NICE and SIGN advise healthcare professionals to use psychosocial interventions to treat people who misuse alcohol and harmful substances. BAP recommends the involvement of a ‘specialist drug and alcohol team, or dual diagnosis team, if available’. CANMAT provides detailed information about the interactions between medications prescribed for bipolar disorder and alcohol or cocaine.
People with harmful drug and/or alcohol use: consider a psychosocial intervention targeted at the drug and/or alcohol use (such as psychoeducation and motivational enhancement), delivered by general mental health services, working with specialist substance use services where appropriate.
The risk of alcohol dependency is another common and clinically significant comorbidity of Bipolar I and II disorder.
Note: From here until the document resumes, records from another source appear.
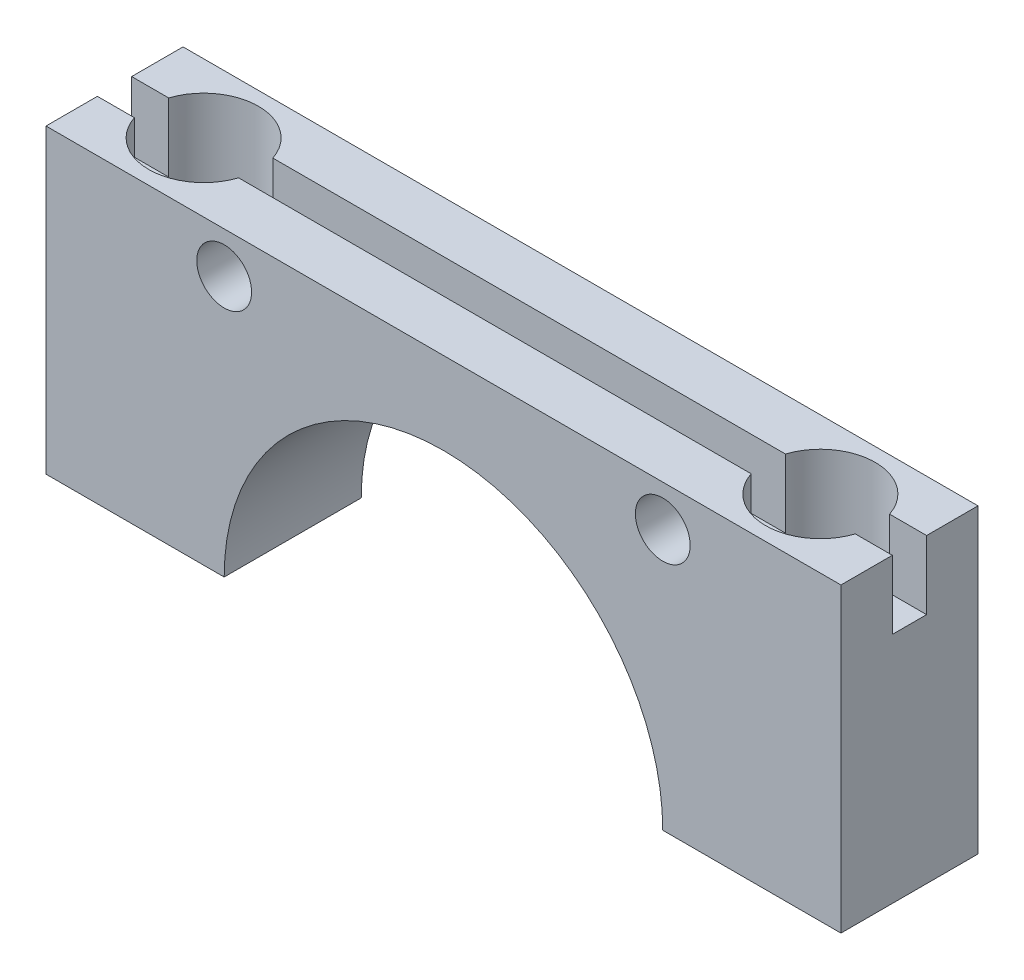
ISO-10303-21;
HEADER;
FILE_DESCRIPTION(('STEP AP214'),'2;1');
FILE_NAME('part.step','',(''),(''),'','','');
FILE_SCHEMA(('AUTOMOTIVE_DESIGN { 1 0 10303 214 1 1 1 1 }'));
ENDSEC;
DATA;
#1=APPLICATION_CONTEXT('core data for automotive mechanical design processes');
#2=APPLICATION_PROTOCOL_DEFINITION('international standard','automotive_design',2000,#1);
#3=PRODUCT_CONTEXT('',#1,'mechanical');
#4=PRODUCT('Part','Part','',(#3));
#5=PRODUCT_RELATED_PRODUCT_CATEGORY('part','',(#4));
#6=PRODUCT_DEFINITION_FORMATION('','',#4);
#7=PRODUCT_DEFINITION_CONTEXT('part definition',#1,'design');
#8=PRODUCT_DEFINITION('design','',#6,#7);
#9=PRODUCT_DEFINITION_SHAPE('','',#8);
#10=(LENGTH_UNIT() NAMED_UNIT(*) SI_UNIT(.MILLI.,.METRE.));
#11=(NAMED_UNIT(*) PLANE_ANGLE_UNIT() SI_UNIT($,.RADIAN.));
#12=(NAMED_UNIT(*) SI_UNIT($,.STERADIAN.) SOLID_ANGLE_UNIT());
#13=UNCERTAINTY_MEASURE_WITH_UNIT(LENGTH_MEASURE(1.E-05),#10,'distance_accuracy_value','');
#14=(GEOMETRIC_REPRESENTATION_CONTEXT(3) GLOBAL_UNCERTAINTY_ASSIGNED_CONTEXT((#13)) GLOBAL_UNIT_ASSIGNED_CONTEXT((#10,
#11,#12)) REPRESENTATION_CONTEXT('',''));
#15=CARTESIAN_POINT('',(0.,0.,0.));
#16=DIRECTION('',(0.,0.,1.));
#17=DIRECTION('',(1.,0.,0.));
#18=AXIS2_PLACEMENT_3D('',#15,#16,#17);
#19=CARTESIAN_POINT('',(-69.3342781396671,28.5744667064877,10.));
#20=DIRECTION('',(0.,-1.,0.));
#21=DIRECTION('',(0.,0.,-1.));
#22=AXIS2_PLACEMENT_3D('',#19,#20,#21);
#23=PLANE('',#22);
#24=DIRECTION('',(0.,0.,-1.));
#25=VECTOR('',#24,1.);
#26=CARTESIAN_POINT('',(-69.3342781396671,28.5744667064877,10.));
#27=LINE('',#26,#25);
#28=CARTESIAN_POINT('',(-69.3342781396671,28.5744667064877,3.75));
#29=VERTEX_POINT('',#28);
#30=CARTESIAN_POINT('',(-69.3342781396671,28.5744667064877,0.));
#31=VERTEX_POINT('',#30);
#32=EDGE_CURVE('E320',#29,#31,#27,.T.);
#33=ORIENTED_EDGE('',*,*,#32,.F.);
#34=DIRECTION('',(-1.,0.,0.));
#35=VECTOR('',#34,1.);
#36=CARTESIAN_POINT('',(-69.3342781396671,28.5744667064877,3.75));
#37=LINE('',#36,#35);
#38=CARTESIAN_POINT('',(-66.6339491780598,28.5744667064877,3.75));
#39=VERTEX_POINT('',#38);
#40=EDGE_CURVE('E365',#39,#29,#37,.T.);
#41=ORIENTED_EDGE('',*,*,#40,.F.);
#42=CARTESIAN_POINT('',(-62.8342781396671,28.5744667064877,5.));
#43=DIRECTION('',(0.,1.,0.));
#44=DIRECTION('',(0.,0.,1.));
#45=AXIS2_PLACEMENT_3D('',#42,#43,#44);
#46=CIRCLE('',#45,4.00000000000001);
#47=CARTESIAN_POINT('',(-59.0346071012744,28.5744667064877,3.75));
#48=VERTEX_POINT('',#47);
#49=EDGE_CURVE('E238',#48,#39,#46,.T.);
#50=ORIENTED_EDGE('',*,*,#49,.F.);
#51=CARTESIAN_POINT('',(-21.6339491780598,28.5744667064877,3.75));
#52=VERTEX_POINT('',#51);
#53=EDGE_CURVE('E369',#52,#48,#37,.T.);
#54=ORIENTED_EDGE('',*,*,#53,.F.);
#55=CARTESIAN_POINT('',(-17.8342781396671,28.5744667064877,5.));
#56=DIRECTION('',(0.,1.,0.));
#57=DIRECTION('',(0.,0.,1.));
#58=AXIS2_PLACEMENT_3D('',#55,#56,#57);
#59=CIRCLE('',#58,4.);
#60=CARTESIAN_POINT('',(-14.0346071012744,28.5744667064877,3.75));
#61=VERTEX_POINT('',#60);
#62=EDGE_CURVE('E247',#61,#52,#59,.T.);
#63=ORIENTED_EDGE('',*,*,#62,.F.);
#64=CARTESIAN_POINT('',(-11.3342781396671,28.5744667064877,3.75));
#65=VERTEX_POINT('',#64);
#66=EDGE_CURVE('E194',#65,#61,#37,.T.);
#67=ORIENTED_EDGE('',*,*,#66,.F.);
#68=DIRECTION('',(0.,0.,-1.));
#69=VECTOR('',#68,1.);
#70=CARTESIAN_POINT('',(-11.3342781396671,28.5744667064877,10.));
#71=LINE('',#70,#69);
#72=CARTESIAN_POINT('',(-11.3342781396671,28.5744667064877,0.));
#73=VERTEX_POINT('',#72);
#74=EDGE_CURVE('E281',#65,#73,#71,.T.);
#75=ORIENTED_EDGE('',*,*,#74,.T.);
#76=DIRECTION('',(-1.,0.,0.));
#77=VECTOR('',#76,1.);
#78=CARTESIAN_POINT('',(-69.3342781396671,28.5744667064877,0.));
#79=LINE('',#78,#77);
#80=EDGE_CURVE('E255',#73,#31,#79,.T.);
#81=ORIENTED_EDGE('',*,*,#80,.T.);
#82=EDGE_LOOP('',(#33,#41,#50,#54,#63,#67,#75,#81));
#83=FACE_BOUND('',#82,.T.);
#84=ADVANCED_FACE('F39',(#83),#23,.F.);
#85=CARTESIAN_POINT('',(-17.8342781396671,33.5744667064877,5.));
#86=DIRECTION('',(0.,-1.,0.));
#87=DIRECTION('',(0.,0.,-1.));
#88=AXIS2_PLACEMENT_3D('',#85,#86,#87);
#89=CYLINDRICAL_SURFACE('',#88,1.88);
#90=CARTESIAN_POINT('',(-17.8342781396671,6.57446670648769,5.));
#91=DIRECTION('',(0.,-1.,0.));
#92=DIRECTION('',(0.,0.,-1.));
#93=AXIS2_PLACEMENT_3D('',#90,#91,#92);
#94=CIRCLE('',#93,1.88);
#95=CARTESIAN_POINT('',(-17.8342781396671,6.57446670648769,3.12));
#96=VERTEX_POINT('',#95);
#97=EDGE_CURVE('E256',#96,#96,#94,.T.);
#98=ORIENTED_EDGE('',*,*,#97,.T.);
#99=EDGE_LOOP('',(#98));
#100=FACE_BOUND('',#99,.T.);
#101=CARTESIAN_POINT('',(-17.8342781396671,13.5744667064877,5.));
#102=DIRECTION('',(0.,1.,0.));
#103=DIRECTION('',(0.,0.,1.));
#104=AXIS2_PLACEMENT_3D('',#101,#102,#103);
#105=CIRCLE('',#104,1.88);
#106=CARTESIAN_POINT('',(-17.8342781396671,13.5744667064877,6.88));
#107=VERTEX_POINT('',#106);
#108=EDGE_CURVE('E260',#107,#107,#105,.F.);
#109=ORIENTED_EDGE('',*,*,#108,.F.);
#110=EDGE_LOOP('',(#109));
#111=FACE_BOUND('',#110,.T.);
#112=ADVANCED_FACE('F474',(#100,#111),#89,.F.);
#113=CARTESIAN_POINT('',(-62.8342781396671,33.5744667064877,5.));
#114=DIRECTION('',(0.,-1.,0.));
#115=DIRECTION('',(0.,0.,-1.));
#116=AXIS2_PLACEMENT_3D('',#113,#114,#115);
#117=CYLINDRICAL_SURFACE('',#116,1.8);
#118=CARTESIAN_POINT('',(-62.8342781396671,6.57446670648769,5.));
#119=DIRECTION('',(0.,-1.,0.));
#120=DIRECTION('',(0.,0.,-1.));
#121=AXIS2_PLACEMENT_3D('',#118,#119,#120);
#122=CIRCLE('',#121,1.8);
#123=CARTESIAN_POINT('',(-62.8342781396671,6.57446670648769,3.2));
#124=VERTEX_POINT('',#123);
#125=EDGE_CURVE('E251',#124,#124,#122,.T.);
#126=ORIENTED_EDGE('',*,*,#125,.T.);
#127=EDGE_LOOP('',(#126));
#128=FACE_BOUND('',#127,.T.);
#129=CARTESIAN_POINT('',(-62.8342781396671,13.5744667064877,5.));
#130=DIRECTION('',(0.,1.,0.));
#131=DIRECTION('',(0.,0.,1.));
#132=AXIS2_PLACEMENT_3D('',#129,#130,#131);
#133=CIRCLE('',#132,1.8);
#134=CARTESIAN_POINT('',(-62.8342781396671,13.5744667064877,6.8));
#135=VERTEX_POINT('',#134);
#136=EDGE_CURVE('E237',#135,#135,#133,.F.);
#137=ORIENTED_EDGE('',*,*,#136,.F.);
#138=EDGE_LOOP('',(#137));
#139=FACE_BOUND('',#138,.T.);
#140=ADVANCED_FACE('F478',(#128,#139),#117,.F.);
#141=CARTESIAN_POINT('',(-11.3342781396671,28.5744667064877,10.));
#142=VERTEX_POINT('',#141);
#143=CARTESIAN_POINT('',(-11.3342781396671,28.5744667064877,6.25));
#144=VERTEX_POINT('',#143);
#145=EDGE_CURVE('E300',#142,#144,#71,.T.);
#146=ORIENTED_EDGE('',*,*,#145,.T.);
#147=DIRECTION('',(1.,0.,0.));
#148=VECTOR('',#147,1.);
#149=CARTESIAN_POINT('',(-69.3342781396671,28.5744667064877,6.25));
#150=LINE('',#149,#148);
#151=CARTESIAN_POINT('',(-14.0346071012744,28.5744667064877,6.25));
#152=VERTEX_POINT('',#151);
#153=EDGE_CURVE('E350',#152,#144,#150,.T.);
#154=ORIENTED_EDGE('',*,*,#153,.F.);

Drug misuse, especially stimulant misuse, is more relevant to younger patients with mania and is associated with poorer outcome. It can confound the diagnosis and makes engagement with treatment more difficult. Indeed, mania appears to be induced by a range of stimulant drugs. Where elated states are sustained and meet criteria for mania, a diagnosis of ‘drug-induced psychosis’ is likely to be wrong and a diagnosis of bipolar disorder more useful. A true drug-induced psychosis should either wane with the clearance of the offending drug or be a transient effect associated with drug withdrawal.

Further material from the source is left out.